Subject: Re: Should I change how I invest? Confused in the U
And then...

...there's Dollar General.


Indeed.
DG was down on the massively up day, along with all sorts of other firms that are seen as being in the business of selling imported goods (tariff exposed) to the US public.
Dollar General, Dollar Tree, but also Walmart, Target, Kohl's, Wayfair, Best Buy, etc. And some "goods" brands that don't manufacture in the US, like Nike.

This market reaction is fairly rational - expecting higher sticker prices and lower volumes is presumably more rational than thinking that non-US suppliers will pay any new US taxes on imports. Though that's a bit first-level thinking. Second level, I imagine there may be some even bigger impacts at some US firms that rely heavily on imported intermediate goods, like the way steel tariffs hammered white goods manufacturers a while back. Third level, a lot of firms (like Berkshire) will be affected by a weaker purchasing power by individuals and the general economic drag and accompanying inflation. If almost everything costs more at checkout, people will buy less stuff. It's a pretty general rule: if you tax anything, the economy will generally see less of it. Somehow people never think of that when introducing payroll taxes with euphemistic names like "pension contribution".
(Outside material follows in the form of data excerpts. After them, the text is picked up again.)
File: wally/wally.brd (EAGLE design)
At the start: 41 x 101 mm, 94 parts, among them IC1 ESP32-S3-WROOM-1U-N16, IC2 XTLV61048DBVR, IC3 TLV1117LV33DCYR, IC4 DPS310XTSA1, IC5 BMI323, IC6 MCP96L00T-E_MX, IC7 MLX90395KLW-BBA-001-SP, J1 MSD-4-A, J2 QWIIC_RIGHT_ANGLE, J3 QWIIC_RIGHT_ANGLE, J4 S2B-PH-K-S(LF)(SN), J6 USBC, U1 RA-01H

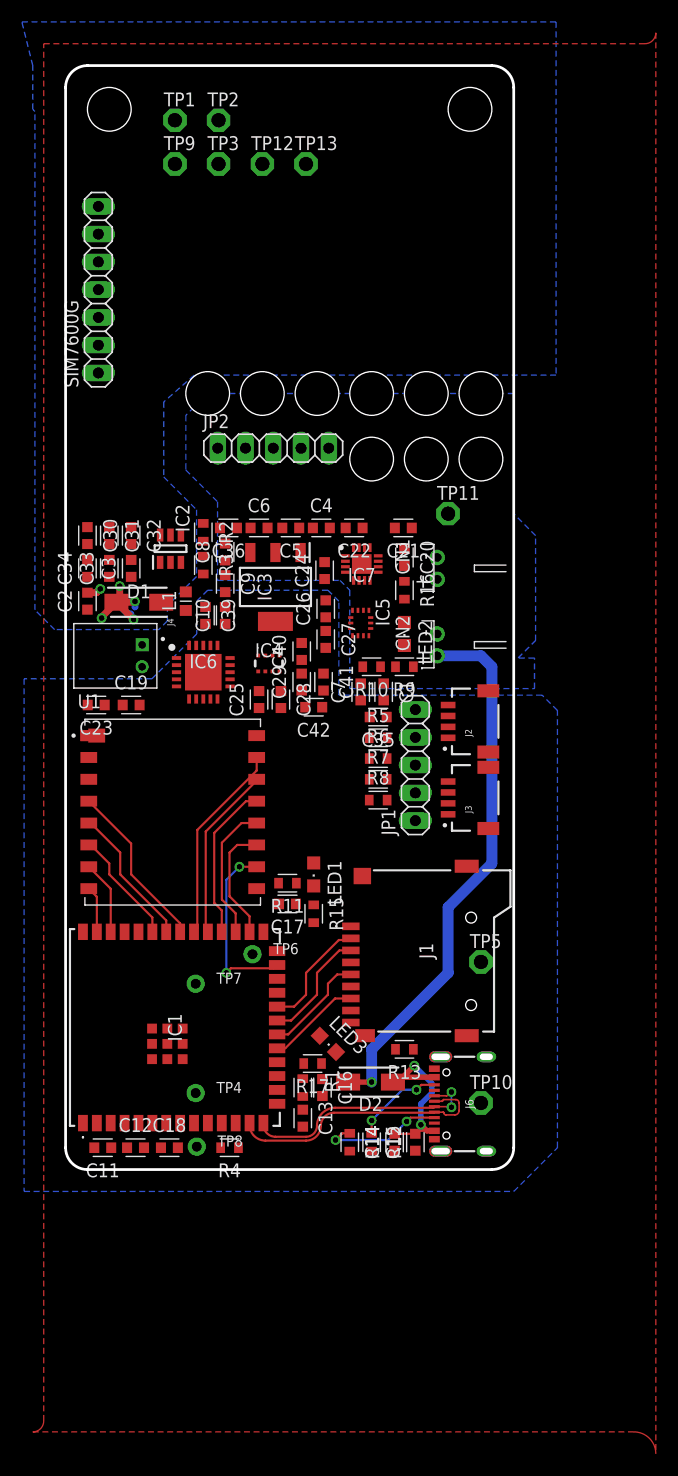
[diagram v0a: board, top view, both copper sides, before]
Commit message: high current traces
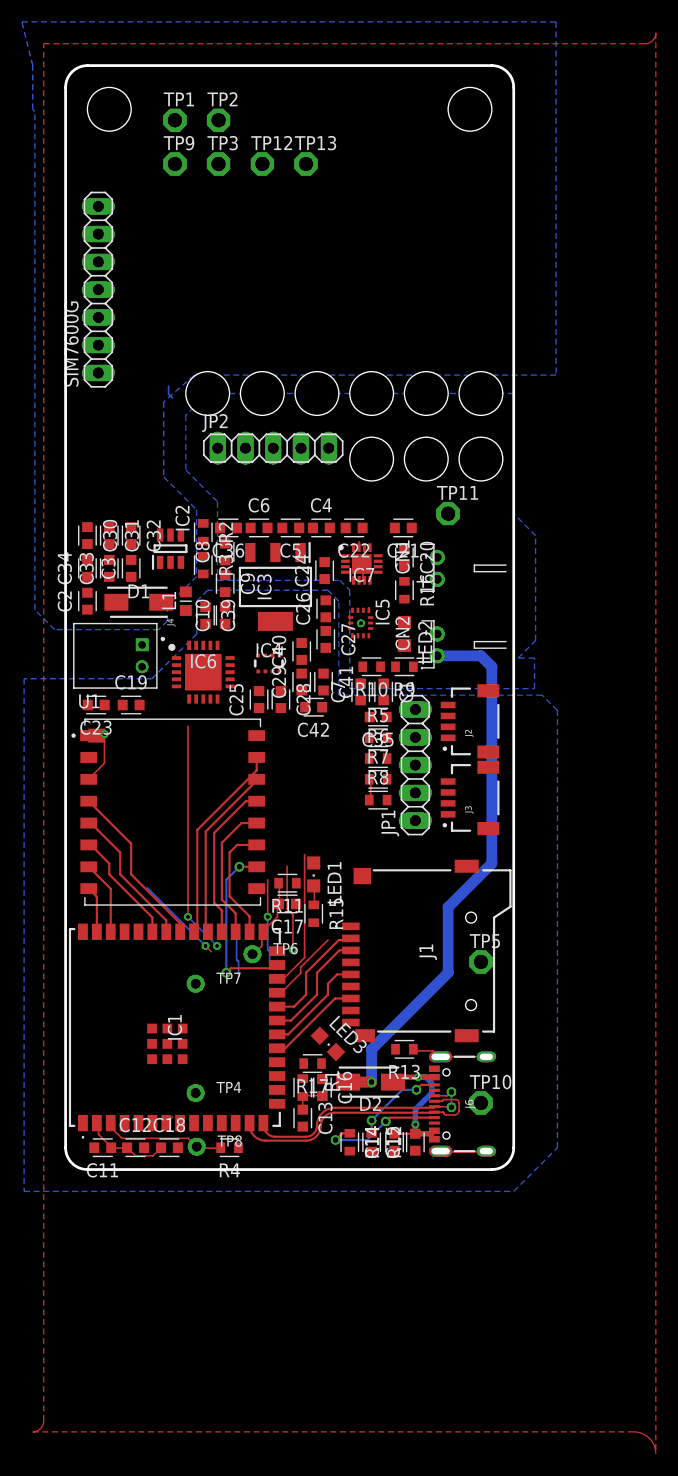
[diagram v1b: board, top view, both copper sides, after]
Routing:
- net RX1: track 0.00 -> 21.5 mm, vias 0 -> 2
- net 3V3: track 0.00 -> 18.3 mm, vias 0 -> 1
- net EN: track 0.00 -> 14.6 mm
- net SDA0: track 0.96 -> 14.0 mm
- net N$21: track 0.00 -> 11.3 mm
- net VSIM: track 10.9 -> 0.00 mm, vias 5 -> 0
- net SCL1: track 0.00 -> 9.54 mm, vias 0 -> 1
- net VSENSE: track 0.00 -> 9.32 mm, vias 0 -> 1
- net PPS: track 0.00 -> 8.41 mm, vias 0 -> 1
- net SCL0: track 0.00 -> 7.85 mm, vias 0 -> 1
- net BOOT: track 0.00 -> 7.64 mm
- net SDA1: track 0.00 -> 5.20 mm
- net VBUS: track 17.9 -> 15.8 mm
- net N$1: track 0.00 -> 1.76 mm
- net GND: track 0.00 -> 1.73 mm
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
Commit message: apply jlc drc
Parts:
- moved JP2 6.38 mm to (24.0, -31.0)
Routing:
- net VCC: track 51.6 -> 49.4 mm
- net TX1: track 1.44 -> 0.23 mm

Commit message: spider vsim
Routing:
- net VSIM: track 0.00 -> 21.4 mm, vias 0 -> 7
- net RX1: track 21.5 -> 0.30 mm, vias 2 -> 0
- net PPS: track 8.41 -> 0.11 mm, vias 1 -> 0
- net VSENSE: track 9.32 -> 1.60 mm, vias 1 -> 0
- net 3V3: track 18.3 -> 13.6 mm, vias 1 -> 0
- net SDA1: track 5.20 -> 0.68 mm
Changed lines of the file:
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@@
 <wire x1="27.9146" y1="-65.2526" x2="27.7848" y2="-65.3" width="0.1524" layer="1"/>
 <wire x1="27.9146" y1="-63.4746" x2="27.7848" y2="-63.4" width="0.1524" layer="1"/>
-<wire x1="3.556" y1="-63.8302" x2="3.556" y2="-61.1632" width="0.1524" layer="1"/>
-<wire x1="2.1336" y1="-65.2526" x2="3.556" y2="-63.8302" width="0.1524" layer="1"/>
 <wire x1="2.1336" y1="-65.2526" x2="2.1179" y2="-65.3" width="0.1524" layer="1"/>
 <wire x1="5.5118" y1="-99.0346" x2="4.2672" y2="-99.0346" width="0.1524" layer="1"/>
@@
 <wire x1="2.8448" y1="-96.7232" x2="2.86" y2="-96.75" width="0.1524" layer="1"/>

There are exceptions. I wonder if we'll see any Giffen goods. Non-luxury goods that counterintuitively rise in demand when their prices rise, because the buyer's decreasing purchasing power requires people to forego the luxury alternatives and forces them to buy more of the non-luxury alternative. This could happen at a dollar store, where sales tend to rise strongly in the second half of a recession.